Asheville Citizen Times TAKE 5 06/27/08
Hellblinki brings stage show to Rocket Club Jill Ingram • take5 correspondent
The
brainchild of musician Andrew Benjamin, the Hellblinki Sextet has been
around for more than a decade. Three years ago, Benjamin moved the band
from Augusta, Ga., to Western North Carolina, where the band comprises
Benjamin (who sings and plays guitar, drums and accordion), Valerie
Neiss (who sings and plays accordion, toy piano and melodica) and
Bradley Lunsford (on bass). The band just released its third
full-length CD, “Oratory,” and will tour across the country this
summer. Before you catch the live act Saturday at the Rocket Club, here
are some things to know about Hellblinki. Advertisement Mixed up
Critics
have called Hellblinki “a mix of Tom Waits, Nick Cave, Marilyn Manson
and Frank Zappa.” Benjamin describes Hellblinki this way: “Avant jazz.
Psycho cabaret. Deep South rhythms infused with punk madness. We’re a
really loud folk band.” Despite its name, the Hellblinki Sextet does
not have six members. “There used to be a rotating cast of characters,”
Benjamin explained.
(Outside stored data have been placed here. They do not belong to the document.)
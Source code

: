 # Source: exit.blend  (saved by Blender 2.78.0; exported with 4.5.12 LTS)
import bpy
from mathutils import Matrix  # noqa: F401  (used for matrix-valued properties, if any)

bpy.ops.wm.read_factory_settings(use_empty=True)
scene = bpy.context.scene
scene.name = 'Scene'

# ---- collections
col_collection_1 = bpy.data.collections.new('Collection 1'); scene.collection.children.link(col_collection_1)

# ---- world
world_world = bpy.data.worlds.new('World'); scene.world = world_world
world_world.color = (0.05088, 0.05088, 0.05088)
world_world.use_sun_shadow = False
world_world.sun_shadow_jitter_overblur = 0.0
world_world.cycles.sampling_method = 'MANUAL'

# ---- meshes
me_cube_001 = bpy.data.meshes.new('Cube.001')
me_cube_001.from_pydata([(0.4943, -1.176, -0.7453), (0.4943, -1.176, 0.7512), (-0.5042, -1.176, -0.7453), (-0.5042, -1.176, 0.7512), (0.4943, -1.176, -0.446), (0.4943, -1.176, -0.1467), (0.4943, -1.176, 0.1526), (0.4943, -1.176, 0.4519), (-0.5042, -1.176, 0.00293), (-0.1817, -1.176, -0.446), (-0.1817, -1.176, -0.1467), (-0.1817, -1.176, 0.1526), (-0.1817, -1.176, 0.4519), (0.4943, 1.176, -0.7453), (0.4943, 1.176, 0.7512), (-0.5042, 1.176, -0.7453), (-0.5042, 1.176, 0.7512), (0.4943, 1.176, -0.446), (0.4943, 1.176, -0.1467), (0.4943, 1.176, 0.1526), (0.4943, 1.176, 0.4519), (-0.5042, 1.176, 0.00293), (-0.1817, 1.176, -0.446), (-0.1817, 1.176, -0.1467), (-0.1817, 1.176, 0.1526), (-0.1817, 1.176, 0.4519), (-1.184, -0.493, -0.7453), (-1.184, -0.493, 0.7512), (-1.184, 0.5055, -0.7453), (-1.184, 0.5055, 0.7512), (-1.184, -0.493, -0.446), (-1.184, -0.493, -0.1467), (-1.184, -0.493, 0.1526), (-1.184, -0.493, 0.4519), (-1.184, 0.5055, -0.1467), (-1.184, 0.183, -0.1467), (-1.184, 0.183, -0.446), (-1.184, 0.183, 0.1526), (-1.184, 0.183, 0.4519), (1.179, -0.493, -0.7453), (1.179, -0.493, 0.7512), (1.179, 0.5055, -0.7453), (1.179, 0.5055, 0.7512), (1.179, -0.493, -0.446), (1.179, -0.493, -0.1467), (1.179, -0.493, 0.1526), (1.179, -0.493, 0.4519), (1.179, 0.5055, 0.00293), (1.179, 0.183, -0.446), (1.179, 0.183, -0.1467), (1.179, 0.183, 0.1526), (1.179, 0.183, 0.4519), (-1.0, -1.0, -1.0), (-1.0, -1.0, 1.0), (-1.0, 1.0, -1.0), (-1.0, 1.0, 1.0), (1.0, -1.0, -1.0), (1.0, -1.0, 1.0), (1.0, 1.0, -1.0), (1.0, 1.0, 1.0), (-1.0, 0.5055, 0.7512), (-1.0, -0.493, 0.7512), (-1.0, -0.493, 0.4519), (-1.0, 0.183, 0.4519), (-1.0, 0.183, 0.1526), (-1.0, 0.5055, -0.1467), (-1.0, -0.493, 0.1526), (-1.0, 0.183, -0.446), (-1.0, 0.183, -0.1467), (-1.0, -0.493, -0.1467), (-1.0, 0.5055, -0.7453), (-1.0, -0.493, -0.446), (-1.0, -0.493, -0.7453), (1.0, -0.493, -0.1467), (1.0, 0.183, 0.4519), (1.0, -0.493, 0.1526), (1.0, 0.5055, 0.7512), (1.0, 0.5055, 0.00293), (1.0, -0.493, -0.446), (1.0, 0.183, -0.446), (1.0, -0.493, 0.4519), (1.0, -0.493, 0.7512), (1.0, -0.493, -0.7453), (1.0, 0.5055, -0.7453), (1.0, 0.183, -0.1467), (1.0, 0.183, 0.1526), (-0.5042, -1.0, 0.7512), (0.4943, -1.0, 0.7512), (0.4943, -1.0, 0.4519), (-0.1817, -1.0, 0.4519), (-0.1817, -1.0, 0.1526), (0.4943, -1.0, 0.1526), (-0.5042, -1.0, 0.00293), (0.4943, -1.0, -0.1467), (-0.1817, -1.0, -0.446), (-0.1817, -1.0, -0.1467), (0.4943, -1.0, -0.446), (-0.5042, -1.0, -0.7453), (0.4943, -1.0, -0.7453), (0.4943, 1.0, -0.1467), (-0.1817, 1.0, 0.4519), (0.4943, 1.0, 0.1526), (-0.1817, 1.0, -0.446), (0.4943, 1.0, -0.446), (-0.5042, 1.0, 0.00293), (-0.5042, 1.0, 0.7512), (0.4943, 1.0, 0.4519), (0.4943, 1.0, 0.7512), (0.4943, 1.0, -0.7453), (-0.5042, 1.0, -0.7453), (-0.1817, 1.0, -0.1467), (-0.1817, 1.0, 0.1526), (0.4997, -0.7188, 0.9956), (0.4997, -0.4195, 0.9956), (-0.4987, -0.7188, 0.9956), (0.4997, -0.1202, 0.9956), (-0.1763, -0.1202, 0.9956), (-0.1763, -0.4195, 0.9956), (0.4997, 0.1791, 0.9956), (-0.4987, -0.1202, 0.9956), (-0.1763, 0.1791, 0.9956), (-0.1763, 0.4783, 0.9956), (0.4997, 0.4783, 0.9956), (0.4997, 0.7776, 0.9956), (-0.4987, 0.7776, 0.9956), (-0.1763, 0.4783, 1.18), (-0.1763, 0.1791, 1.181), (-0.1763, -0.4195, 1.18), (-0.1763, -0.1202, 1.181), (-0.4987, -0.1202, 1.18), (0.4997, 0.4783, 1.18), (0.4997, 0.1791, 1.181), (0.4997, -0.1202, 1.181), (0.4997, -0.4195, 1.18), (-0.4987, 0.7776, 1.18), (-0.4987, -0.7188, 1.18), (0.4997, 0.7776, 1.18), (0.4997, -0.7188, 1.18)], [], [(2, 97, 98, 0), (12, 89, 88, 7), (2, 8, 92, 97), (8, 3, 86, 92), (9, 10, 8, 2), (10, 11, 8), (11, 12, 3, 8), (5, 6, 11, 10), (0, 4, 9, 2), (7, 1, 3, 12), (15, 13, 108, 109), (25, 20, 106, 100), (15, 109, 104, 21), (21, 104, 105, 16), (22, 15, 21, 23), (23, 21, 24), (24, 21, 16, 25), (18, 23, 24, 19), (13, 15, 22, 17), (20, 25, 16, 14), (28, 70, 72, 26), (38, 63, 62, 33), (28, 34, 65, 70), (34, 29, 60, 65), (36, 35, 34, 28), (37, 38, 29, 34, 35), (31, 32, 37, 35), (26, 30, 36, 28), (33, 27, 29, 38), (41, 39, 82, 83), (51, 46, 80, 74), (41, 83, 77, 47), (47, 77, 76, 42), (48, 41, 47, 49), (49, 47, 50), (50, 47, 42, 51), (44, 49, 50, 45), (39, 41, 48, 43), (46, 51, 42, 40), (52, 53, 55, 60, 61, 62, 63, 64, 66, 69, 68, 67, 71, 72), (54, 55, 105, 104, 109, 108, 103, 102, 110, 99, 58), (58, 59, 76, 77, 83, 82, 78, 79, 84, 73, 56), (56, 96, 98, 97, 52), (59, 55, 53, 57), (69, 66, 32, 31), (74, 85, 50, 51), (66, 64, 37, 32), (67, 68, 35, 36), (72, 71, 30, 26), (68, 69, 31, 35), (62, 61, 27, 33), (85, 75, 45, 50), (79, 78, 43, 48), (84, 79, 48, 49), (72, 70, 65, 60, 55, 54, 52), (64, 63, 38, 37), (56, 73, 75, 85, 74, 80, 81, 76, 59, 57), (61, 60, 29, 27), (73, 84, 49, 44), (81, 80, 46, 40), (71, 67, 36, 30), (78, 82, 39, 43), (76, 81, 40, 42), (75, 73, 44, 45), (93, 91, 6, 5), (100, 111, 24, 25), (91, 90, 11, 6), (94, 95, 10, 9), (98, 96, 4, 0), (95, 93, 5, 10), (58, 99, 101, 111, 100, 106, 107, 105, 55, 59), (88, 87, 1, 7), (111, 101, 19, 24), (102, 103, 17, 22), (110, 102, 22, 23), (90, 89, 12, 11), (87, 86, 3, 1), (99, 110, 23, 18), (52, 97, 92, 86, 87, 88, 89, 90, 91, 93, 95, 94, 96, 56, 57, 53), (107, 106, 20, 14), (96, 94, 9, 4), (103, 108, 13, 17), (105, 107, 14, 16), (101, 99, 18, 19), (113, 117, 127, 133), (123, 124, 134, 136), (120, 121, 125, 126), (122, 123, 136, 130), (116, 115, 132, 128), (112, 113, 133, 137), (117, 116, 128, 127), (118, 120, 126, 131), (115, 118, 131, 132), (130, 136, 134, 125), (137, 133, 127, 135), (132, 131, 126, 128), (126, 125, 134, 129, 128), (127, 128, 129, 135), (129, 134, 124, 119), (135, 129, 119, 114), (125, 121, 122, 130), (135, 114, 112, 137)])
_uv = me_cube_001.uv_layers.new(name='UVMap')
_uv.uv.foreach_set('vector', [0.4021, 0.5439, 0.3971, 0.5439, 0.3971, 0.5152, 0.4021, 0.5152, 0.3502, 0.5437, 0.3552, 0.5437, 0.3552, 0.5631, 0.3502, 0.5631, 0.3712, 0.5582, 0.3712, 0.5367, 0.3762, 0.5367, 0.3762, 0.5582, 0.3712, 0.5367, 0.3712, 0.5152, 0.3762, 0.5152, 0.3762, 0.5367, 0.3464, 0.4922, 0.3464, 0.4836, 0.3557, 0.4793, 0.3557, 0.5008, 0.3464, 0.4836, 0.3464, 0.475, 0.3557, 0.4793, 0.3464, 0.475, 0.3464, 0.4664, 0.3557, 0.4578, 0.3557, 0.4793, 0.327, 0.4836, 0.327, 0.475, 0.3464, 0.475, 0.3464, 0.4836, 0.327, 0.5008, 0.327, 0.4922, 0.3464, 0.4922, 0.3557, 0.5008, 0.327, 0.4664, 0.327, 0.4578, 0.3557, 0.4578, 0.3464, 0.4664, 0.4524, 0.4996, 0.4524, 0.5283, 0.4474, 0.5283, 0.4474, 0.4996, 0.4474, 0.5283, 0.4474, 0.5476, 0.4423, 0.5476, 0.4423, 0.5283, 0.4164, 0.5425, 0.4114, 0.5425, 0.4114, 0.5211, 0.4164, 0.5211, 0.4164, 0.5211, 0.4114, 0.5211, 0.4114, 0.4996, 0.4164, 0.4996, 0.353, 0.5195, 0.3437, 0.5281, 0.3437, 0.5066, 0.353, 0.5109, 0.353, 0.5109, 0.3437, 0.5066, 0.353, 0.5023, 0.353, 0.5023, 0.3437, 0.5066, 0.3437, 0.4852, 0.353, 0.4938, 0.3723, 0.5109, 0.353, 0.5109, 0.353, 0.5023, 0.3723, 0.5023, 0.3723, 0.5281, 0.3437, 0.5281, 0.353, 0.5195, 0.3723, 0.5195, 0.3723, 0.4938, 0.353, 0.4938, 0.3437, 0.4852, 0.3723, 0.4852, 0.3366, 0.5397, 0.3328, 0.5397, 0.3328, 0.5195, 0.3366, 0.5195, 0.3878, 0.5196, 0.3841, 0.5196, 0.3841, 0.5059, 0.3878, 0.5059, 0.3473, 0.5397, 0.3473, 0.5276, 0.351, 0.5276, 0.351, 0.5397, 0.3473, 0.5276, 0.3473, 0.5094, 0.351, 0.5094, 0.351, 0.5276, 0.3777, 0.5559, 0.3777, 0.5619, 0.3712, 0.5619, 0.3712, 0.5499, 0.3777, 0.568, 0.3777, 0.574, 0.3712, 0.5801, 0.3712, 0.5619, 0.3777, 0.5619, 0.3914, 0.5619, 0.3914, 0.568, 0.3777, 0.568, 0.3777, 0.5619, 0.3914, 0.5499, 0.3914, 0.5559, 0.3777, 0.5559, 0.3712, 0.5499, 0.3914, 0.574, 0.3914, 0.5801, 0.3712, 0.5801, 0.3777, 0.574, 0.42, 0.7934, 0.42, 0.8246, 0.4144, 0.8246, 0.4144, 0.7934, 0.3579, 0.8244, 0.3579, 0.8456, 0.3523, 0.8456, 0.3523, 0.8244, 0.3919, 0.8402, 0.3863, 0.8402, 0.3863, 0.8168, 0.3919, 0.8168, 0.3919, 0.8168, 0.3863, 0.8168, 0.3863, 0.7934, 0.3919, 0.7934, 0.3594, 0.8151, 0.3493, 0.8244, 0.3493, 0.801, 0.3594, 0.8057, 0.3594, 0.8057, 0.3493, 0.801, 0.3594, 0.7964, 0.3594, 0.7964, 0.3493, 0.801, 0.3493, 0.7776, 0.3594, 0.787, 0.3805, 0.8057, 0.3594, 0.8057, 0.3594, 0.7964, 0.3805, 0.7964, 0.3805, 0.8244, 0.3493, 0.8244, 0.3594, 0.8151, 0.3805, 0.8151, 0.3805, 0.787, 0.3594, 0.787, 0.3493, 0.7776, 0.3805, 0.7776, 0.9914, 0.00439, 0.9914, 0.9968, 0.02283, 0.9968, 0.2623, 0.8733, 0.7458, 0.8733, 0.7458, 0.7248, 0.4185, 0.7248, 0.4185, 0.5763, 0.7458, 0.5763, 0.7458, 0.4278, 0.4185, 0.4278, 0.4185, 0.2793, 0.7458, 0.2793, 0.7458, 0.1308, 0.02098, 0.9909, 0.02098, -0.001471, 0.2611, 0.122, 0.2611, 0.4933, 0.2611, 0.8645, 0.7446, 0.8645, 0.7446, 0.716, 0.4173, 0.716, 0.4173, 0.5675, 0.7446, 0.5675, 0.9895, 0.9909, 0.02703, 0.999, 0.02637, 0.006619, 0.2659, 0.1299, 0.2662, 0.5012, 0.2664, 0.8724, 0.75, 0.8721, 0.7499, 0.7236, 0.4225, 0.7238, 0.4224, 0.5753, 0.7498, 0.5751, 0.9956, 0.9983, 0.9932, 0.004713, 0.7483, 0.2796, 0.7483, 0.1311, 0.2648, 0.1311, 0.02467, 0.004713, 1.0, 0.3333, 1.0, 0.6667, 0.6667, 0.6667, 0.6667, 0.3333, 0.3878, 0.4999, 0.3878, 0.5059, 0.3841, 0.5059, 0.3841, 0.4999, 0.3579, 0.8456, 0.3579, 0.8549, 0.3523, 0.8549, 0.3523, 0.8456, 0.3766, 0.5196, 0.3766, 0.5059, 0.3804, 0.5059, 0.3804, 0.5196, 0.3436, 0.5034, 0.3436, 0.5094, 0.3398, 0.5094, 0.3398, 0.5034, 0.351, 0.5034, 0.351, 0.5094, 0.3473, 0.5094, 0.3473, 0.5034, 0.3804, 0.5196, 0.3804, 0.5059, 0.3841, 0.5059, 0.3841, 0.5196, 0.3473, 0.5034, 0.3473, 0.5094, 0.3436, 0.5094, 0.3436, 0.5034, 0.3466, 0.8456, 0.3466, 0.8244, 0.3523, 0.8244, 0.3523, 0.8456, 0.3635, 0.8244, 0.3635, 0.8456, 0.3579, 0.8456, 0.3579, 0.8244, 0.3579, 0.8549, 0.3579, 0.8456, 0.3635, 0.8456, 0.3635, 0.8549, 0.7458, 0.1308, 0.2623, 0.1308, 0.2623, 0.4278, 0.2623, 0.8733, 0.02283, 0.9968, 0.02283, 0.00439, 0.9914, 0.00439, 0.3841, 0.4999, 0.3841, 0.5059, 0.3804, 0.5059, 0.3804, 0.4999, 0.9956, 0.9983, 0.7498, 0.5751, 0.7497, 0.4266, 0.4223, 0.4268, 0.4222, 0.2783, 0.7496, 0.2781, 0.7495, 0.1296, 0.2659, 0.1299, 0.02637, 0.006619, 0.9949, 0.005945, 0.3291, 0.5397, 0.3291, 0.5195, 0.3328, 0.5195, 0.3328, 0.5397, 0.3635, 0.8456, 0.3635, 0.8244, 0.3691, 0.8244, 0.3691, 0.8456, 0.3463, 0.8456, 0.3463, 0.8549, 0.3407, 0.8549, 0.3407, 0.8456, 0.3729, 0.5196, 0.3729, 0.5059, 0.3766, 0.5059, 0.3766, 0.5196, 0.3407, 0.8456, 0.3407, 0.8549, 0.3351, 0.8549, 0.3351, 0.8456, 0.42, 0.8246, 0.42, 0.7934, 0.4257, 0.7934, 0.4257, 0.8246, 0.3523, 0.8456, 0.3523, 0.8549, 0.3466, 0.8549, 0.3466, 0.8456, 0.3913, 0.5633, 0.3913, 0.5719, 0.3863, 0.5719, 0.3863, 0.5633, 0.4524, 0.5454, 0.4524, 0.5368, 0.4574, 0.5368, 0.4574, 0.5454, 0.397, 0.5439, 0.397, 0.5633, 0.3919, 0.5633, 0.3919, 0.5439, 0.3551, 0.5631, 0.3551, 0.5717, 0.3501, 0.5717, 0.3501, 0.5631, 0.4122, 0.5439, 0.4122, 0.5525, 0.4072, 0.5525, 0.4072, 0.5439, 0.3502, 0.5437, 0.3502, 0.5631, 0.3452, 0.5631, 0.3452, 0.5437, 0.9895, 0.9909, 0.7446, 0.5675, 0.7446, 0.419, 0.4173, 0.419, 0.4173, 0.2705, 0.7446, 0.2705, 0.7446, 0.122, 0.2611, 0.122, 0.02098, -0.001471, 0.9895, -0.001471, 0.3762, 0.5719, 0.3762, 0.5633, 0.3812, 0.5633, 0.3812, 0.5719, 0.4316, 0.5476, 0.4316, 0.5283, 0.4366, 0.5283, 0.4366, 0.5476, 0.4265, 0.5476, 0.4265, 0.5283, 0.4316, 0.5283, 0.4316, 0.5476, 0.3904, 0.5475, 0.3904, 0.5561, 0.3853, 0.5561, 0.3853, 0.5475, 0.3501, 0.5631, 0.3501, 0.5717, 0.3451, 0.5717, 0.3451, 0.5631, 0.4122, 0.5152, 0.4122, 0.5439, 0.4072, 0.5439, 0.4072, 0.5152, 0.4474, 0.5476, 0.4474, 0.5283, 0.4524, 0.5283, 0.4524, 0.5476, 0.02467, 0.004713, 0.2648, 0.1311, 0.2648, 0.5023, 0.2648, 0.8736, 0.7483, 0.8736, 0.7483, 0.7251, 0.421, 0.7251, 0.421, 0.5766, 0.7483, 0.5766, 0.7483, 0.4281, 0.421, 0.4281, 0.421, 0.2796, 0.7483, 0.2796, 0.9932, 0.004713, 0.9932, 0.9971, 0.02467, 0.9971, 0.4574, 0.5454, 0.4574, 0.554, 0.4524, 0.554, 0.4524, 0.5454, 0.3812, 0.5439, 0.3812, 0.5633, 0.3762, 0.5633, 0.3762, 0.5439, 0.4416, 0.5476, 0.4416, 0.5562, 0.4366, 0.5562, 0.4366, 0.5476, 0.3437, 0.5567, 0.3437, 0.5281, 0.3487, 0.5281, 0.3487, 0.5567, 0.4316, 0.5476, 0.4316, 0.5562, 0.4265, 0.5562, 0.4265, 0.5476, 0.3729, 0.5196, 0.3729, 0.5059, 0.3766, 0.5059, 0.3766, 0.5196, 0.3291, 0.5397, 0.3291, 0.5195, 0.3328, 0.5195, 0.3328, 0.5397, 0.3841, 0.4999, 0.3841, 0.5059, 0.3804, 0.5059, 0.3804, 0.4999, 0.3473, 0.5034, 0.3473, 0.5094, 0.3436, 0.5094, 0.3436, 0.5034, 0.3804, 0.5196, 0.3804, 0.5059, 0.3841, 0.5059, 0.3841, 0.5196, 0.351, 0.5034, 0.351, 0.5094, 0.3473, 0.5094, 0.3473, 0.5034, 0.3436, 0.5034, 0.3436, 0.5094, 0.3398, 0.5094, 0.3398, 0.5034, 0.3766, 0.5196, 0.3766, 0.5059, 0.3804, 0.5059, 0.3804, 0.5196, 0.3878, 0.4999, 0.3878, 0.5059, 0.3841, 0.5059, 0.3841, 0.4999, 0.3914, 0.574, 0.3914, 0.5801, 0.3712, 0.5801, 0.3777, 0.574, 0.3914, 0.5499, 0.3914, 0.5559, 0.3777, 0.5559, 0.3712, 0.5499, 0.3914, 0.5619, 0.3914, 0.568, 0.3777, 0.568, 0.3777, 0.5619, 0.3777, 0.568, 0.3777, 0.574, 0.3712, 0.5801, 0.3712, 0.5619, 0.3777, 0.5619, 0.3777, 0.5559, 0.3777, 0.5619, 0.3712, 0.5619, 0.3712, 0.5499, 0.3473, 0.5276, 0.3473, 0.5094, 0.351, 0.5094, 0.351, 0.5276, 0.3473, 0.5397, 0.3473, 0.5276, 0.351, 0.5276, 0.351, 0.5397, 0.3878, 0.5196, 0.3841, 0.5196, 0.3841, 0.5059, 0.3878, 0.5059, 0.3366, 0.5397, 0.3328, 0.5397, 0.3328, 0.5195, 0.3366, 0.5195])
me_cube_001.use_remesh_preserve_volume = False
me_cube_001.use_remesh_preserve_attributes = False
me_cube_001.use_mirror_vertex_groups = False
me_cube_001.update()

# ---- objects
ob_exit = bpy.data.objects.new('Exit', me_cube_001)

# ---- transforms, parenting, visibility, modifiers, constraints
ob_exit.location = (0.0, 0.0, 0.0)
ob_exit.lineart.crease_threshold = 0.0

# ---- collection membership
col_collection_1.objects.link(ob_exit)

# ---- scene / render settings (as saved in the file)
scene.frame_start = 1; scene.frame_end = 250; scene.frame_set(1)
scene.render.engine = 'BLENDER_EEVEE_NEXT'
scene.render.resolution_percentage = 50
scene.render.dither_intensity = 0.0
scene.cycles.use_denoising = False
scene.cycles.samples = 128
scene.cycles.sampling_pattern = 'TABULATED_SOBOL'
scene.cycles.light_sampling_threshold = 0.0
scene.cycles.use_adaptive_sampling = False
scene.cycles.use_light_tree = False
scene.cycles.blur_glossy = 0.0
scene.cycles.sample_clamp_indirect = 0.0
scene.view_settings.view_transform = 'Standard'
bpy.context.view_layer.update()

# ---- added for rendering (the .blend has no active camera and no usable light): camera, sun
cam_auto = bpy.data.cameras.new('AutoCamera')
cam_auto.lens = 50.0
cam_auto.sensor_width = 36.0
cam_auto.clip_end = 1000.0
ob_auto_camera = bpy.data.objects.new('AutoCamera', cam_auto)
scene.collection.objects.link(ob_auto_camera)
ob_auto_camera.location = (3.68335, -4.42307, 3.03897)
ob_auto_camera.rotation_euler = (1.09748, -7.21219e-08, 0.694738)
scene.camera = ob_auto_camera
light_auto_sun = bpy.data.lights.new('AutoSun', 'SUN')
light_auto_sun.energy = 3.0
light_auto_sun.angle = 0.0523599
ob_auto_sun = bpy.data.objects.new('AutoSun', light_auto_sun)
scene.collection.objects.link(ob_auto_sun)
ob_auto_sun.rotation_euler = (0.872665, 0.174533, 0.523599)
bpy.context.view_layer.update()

It’s been everything from a one-man band to a
12-piece ensemble. “We had six people when we first started to do the
live shows,” he said. “It wasn’t sustainable.” These days, the band
travels as a three-piece unit with others occasionally joining the
group.
In the studio, it’s not unusual for as many as nine or 10
people to participate on a single track, said Benjamin, a proponent of
using the studio to achieve sounds that would be impossible during a
live show. “I feel like you should do as much as you can with those
different circumstances,” he said. For “Oratory,” Benjamin explored
Internet collaboration, putting an ad for musicians on craigslist. “We
got a tuba player from Toronto to send tracks,” he said. Write away
Just
as he does in the studio process, Benjamin invites others to contribute
to the songwriting process. While he writes most of the band’s songs
himself, “There have been contributions from other members,” he said.
“One thing that’s fun about collaborating is creating the basic
structure of the song like a coat hanger, and then the other members
hang their own fabric on it.” Signature style
Hellblinki’s
style is “carnivalesque,” from its costuming to its sometimes
circus-barker sound. Its flair for the dramatic is a hallmark of
Hellblinki’s live act.
“I want the audience to have a good time.
I want them to dance. You always know you’re doing a good job it
they’re dancing,” Benjamin said. At the same time, he said, “I want
them to think a little bit. I want them to feel like they’re in a
different atmosphere.” Entering the world of Hellblinki (the band name
comes from a drunken perversion of Benjamin’s signature) should feel
“deep, dark and dirty,” Benjamin said. Bringing up baby
Hellblinki
began as a studio project with the live act following. In the future,
Benjamin just wants to see his creation grow. “I created it to be the
output for my musical impulses,” Benjamin said. “Hellblinki is a loose
platform that can go whichever way I go. The goal is to make it
self-sufficient, and so it can support itself, and me. It’s the sort of
platform that can go in any direction. It’s so eclectic and not defined
by any genre that it can go any direction it chooses.”